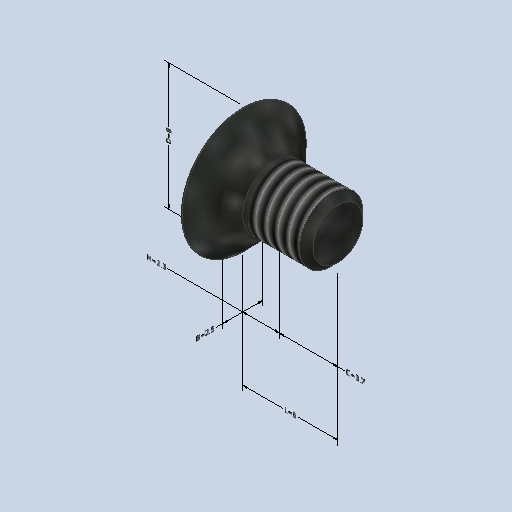
# Autodesk Inventor part: FBB4-6
Saved by Autodesk Inventor 2023 (Build 270158000, 158)
## iProperties
Category: PARTsolutions
Company: TOHATSU
Created: 2023-07-22
Part Number: FBB4-6
Material: Steel
Catalog Web Link: www.cadenas.de
Description: FBB SFBB-Pan head hexagon socket screw
Vendor: TOHATSU
Document SubType Name: Modeling
Designer: psAdmin
Manufacturer: TOHATSU
Mass: 0.79702 g
Surface Area: 1.69878 cm^2
Volume: 0.101531 cm^3
Density: 7.85 g/cm^3
Appearance: Plate
PSOL_IDENT_0: {$CADENAS_DATA/23d-libs/tohatsu/spring_screw_washer/screws_bolts_nuts/screws_bolts/fbb.prj},161 {VTY
PSOL_IDENT_1: P=3D},{NB=FBB4-6},{LINA=FBB4-6},{NN=FBB SFBB},{DATE=19.07.2023 02:54:23},{GEOMDATE=08.12.2022 08:35:
PSOL_IDENT_2: 03},{VERSION=},{LINEID=20},{WBVAR=TYPE,L},{WBNUMERIC=L}  {NB=FBB4-6},{LINA=FBB4-6},{KT=DUMMY},{PN=FB
PSOL_IDENT_3: B4-6},{ROHS=YES},{TYPE=FBB},{MA=SCM435},{QU=7810},{COL=0.30,0.35,0.36,0.00},{M=4},{L=6},{DIML=6,8,10
PSOL_IDENT_4: ,12,16,20,25},{P=0.70},{MXP=M4X0.7},{D=8.0},{H=2.3},{B=2.5},{C=3.7},{URL=https://www.tohatsu.com.tw}
PSOL_IDENT_5: ,{WED=網站}
NB: FBB4-6
NN: FBB SFBB
NT: Pan head hexagon socket screw
NBSYN: $PN.
LINA: FBB4-6
CATALOG: TOHATSU
PN: FBB4-6
ROHS: YES
TYPE: FBB
MA: SCM435
M: 4
L: 6
WED: 網站
SUPPLIER: TOHATSU
ARTICLENO: FBB4-6
BOMINFO: FBB4-6
CREATOR: CADENAS GmbH
Title: FBB4-6
Author: Cadenas PARTsolutions
Comments: Pan head hexagon socket screw
Autodesk Inventor part; units mm, degrees
ref_plane "YZ Plane" through (0, 0, 0) normal (1, 0, 0) x (0, 1, 0)
ref_plane "XZ Plane" through (0, 0, 0) normal (0, 1, 0) x (-1, 0, 0)
ref_plane "XY Plane" through (0, 0, 0) normal (0, 0, 1) x (1, 0, 0)
sketch "__1" plane through (0, 0, 0) normal (0, 0, 1) x (1, 0, 0)
  line L0 (56, 0) -> (-56, 0)
  line L1 (0, 0) -> (0, 4)
  line L2 (0, 4) -> (2, 2)
  line L3 (2, 2) -> (5.5705, 2)
  line L4 (5.5705, 2) -> (6, 1.5705)
  line L5 (6, 1.5705) -> (6, 0)
  line L6 (6, 0) -> (0, 0)
  constraints: 14 end point
revolve "Revolution1" add sketch "__1" angle 360 about axis through (56, 0, 0) along (1, 0, 0)
thread "Thread1" size "M4x0.7" class "6g" standard "ISO Metric profile" length 3.2705
sketch "__2" plane through (0, 0, 0) normal (1, 0, 0) x (0, 0, -1)
  line L0 (-1.25, -0.7217) -> (0, -1.4434)
  line L1 (0, -1.4434) -> (1.25, -0.7217)
  line L2 (1.25, -0.7217) -> (1.25, 0.7217)
  line L3 (1.25, 0.7217) -> (0, 1.4434)
  line L4 (0, 1.4434) -> (-1.25, 0.7217)
  line L5 (-1.25, 0.7217) -> (-1.25, -0.7217)
  constraints: 12 end point
extrude "Extrusion1" cut sketch "__2" along normal blind 1.15
fillet "Fillet1" radius 0.05 1 edges at (0, -4, 0)
body "Solid1"

■ The task ■
Check every line of the material for the string "point" and give the number of lines that have it, without anything else.

■ Problem solution ■
2